RECORD EXCERPTS:
►
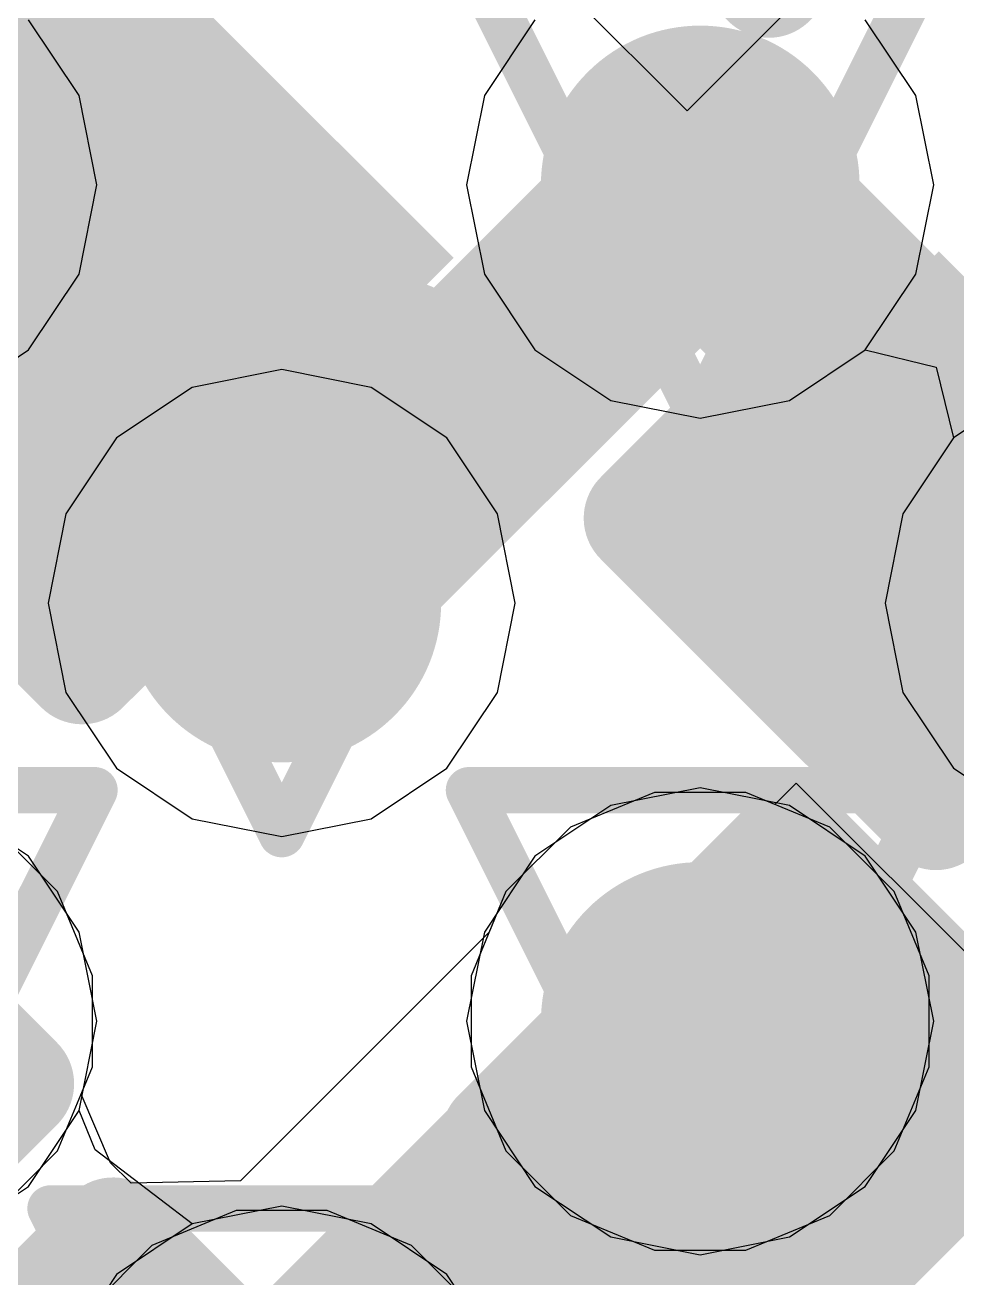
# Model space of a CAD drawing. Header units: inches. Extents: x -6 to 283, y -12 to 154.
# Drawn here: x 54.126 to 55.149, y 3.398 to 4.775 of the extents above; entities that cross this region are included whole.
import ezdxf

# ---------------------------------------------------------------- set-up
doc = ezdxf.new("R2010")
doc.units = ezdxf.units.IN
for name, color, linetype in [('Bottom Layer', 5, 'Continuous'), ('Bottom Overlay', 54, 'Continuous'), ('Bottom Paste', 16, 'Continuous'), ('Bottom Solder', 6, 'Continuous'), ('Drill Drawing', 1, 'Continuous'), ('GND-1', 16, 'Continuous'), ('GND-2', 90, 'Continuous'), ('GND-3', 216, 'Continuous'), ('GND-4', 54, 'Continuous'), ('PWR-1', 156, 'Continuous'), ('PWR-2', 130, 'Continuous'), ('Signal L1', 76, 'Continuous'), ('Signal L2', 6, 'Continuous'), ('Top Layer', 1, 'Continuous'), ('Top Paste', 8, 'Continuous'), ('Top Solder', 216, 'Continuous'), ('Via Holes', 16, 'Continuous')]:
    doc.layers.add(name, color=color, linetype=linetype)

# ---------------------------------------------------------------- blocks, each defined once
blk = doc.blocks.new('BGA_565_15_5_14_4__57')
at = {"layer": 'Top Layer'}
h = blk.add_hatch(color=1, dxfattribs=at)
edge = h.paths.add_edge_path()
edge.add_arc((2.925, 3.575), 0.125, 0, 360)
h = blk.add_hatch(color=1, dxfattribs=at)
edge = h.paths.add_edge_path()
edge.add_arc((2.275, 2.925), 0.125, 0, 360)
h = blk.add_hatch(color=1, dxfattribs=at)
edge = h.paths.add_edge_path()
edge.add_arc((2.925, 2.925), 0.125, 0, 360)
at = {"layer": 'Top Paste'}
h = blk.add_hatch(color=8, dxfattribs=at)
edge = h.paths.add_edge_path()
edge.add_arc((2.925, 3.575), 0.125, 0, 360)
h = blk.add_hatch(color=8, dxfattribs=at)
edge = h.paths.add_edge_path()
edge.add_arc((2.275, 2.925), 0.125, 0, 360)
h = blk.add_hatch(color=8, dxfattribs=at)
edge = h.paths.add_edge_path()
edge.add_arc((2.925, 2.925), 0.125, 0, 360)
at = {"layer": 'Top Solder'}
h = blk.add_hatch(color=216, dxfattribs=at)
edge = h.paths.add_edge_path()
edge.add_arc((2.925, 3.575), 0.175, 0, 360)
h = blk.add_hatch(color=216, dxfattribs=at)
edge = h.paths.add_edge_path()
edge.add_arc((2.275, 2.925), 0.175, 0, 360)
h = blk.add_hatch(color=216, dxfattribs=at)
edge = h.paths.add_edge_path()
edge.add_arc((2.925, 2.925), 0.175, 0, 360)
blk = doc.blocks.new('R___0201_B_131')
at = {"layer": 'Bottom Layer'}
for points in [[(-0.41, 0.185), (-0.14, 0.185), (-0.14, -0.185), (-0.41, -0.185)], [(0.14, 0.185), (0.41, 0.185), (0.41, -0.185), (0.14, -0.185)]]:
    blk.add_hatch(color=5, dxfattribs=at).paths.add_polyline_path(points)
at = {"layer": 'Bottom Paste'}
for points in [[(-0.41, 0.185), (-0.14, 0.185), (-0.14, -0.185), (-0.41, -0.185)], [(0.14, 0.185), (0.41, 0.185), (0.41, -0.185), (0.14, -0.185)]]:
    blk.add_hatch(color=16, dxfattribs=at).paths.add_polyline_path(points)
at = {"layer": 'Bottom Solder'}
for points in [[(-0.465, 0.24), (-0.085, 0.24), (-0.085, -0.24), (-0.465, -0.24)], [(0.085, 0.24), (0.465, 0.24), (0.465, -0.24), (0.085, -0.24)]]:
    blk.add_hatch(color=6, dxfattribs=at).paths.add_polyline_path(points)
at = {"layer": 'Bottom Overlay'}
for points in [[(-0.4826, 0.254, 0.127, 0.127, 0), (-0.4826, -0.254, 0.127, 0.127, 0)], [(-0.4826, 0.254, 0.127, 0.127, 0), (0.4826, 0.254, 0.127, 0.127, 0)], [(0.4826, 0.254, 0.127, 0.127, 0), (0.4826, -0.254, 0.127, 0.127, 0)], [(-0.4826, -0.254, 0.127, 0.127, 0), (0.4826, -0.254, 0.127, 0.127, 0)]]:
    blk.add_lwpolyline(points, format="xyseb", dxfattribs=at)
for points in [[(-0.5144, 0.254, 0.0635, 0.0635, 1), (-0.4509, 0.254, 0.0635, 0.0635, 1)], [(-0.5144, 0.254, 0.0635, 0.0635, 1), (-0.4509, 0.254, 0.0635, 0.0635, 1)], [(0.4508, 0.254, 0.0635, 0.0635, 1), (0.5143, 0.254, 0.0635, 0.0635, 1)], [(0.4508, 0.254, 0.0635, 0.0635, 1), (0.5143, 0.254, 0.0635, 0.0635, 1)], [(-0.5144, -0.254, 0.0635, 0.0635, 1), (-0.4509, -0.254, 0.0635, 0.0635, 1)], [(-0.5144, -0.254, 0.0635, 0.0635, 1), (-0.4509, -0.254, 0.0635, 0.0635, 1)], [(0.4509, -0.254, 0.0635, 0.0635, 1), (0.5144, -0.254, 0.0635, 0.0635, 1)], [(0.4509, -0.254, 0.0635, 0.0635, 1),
◄
EXERCISE REQUIREMENTS: Go through the listing above and copy each line in which the string "units" is found.

RESPONSE TO THIS TASK:
# Model space of a CAD drawing. Header units: inches. Extents: x -6 to 283, y -12 to 154.
doc.units = ezdxf.units.IN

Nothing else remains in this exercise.